**Problem to solve:** Read the listing and extract each line that includes the word "message".

━━━━

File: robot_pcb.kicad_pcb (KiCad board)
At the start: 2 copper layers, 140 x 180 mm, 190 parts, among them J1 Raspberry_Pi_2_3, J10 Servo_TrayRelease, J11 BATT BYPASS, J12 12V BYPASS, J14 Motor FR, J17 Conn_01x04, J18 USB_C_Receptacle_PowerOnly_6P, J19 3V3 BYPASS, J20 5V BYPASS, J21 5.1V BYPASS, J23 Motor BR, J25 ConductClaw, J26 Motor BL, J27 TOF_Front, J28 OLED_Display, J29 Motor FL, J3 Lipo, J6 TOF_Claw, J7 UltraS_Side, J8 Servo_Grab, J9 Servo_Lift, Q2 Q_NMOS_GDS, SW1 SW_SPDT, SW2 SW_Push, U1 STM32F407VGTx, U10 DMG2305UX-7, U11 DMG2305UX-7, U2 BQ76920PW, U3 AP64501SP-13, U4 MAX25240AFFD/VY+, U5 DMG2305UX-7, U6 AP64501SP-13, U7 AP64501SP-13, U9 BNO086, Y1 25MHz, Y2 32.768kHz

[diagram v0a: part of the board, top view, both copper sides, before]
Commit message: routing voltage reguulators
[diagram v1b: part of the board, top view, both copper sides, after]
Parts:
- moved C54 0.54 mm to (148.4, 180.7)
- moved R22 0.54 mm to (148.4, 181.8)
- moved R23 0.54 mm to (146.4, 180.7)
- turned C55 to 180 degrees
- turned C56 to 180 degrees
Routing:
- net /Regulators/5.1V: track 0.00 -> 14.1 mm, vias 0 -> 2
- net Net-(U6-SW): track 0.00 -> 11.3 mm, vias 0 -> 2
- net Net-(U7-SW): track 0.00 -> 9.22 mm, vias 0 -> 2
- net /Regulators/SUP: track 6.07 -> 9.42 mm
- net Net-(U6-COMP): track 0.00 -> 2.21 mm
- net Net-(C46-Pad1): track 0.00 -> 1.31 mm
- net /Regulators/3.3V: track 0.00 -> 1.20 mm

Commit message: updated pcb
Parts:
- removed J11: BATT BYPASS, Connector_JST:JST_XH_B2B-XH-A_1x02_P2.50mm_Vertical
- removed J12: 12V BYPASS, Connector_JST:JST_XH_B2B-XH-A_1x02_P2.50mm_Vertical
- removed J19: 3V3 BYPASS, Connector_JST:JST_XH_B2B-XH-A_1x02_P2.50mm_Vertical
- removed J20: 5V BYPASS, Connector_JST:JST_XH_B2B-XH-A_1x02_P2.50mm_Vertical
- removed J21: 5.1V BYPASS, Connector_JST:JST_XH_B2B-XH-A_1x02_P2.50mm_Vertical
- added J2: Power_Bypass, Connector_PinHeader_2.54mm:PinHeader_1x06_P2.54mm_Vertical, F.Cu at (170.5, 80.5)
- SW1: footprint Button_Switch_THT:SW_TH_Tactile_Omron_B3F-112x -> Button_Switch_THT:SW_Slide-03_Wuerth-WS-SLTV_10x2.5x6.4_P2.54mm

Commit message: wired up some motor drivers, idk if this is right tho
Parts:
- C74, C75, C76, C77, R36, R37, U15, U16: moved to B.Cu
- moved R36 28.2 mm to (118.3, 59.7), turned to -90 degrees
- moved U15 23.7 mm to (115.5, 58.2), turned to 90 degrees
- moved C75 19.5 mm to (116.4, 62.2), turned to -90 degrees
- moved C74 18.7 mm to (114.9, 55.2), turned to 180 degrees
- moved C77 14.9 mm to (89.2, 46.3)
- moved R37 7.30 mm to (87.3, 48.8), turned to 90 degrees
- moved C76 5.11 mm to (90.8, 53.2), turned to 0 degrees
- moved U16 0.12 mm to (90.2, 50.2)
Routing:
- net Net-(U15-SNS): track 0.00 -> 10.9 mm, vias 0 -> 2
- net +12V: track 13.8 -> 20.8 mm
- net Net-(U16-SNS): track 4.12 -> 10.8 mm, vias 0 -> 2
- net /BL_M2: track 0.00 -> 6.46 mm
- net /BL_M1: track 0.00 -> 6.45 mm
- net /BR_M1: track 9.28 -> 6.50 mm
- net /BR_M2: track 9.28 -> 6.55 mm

━━━━

**Expected answer:**
Commit message: routing voltage reguulators
Commit message: updated pcb
Commit message: wired up some motor drivers, idk if this is right tho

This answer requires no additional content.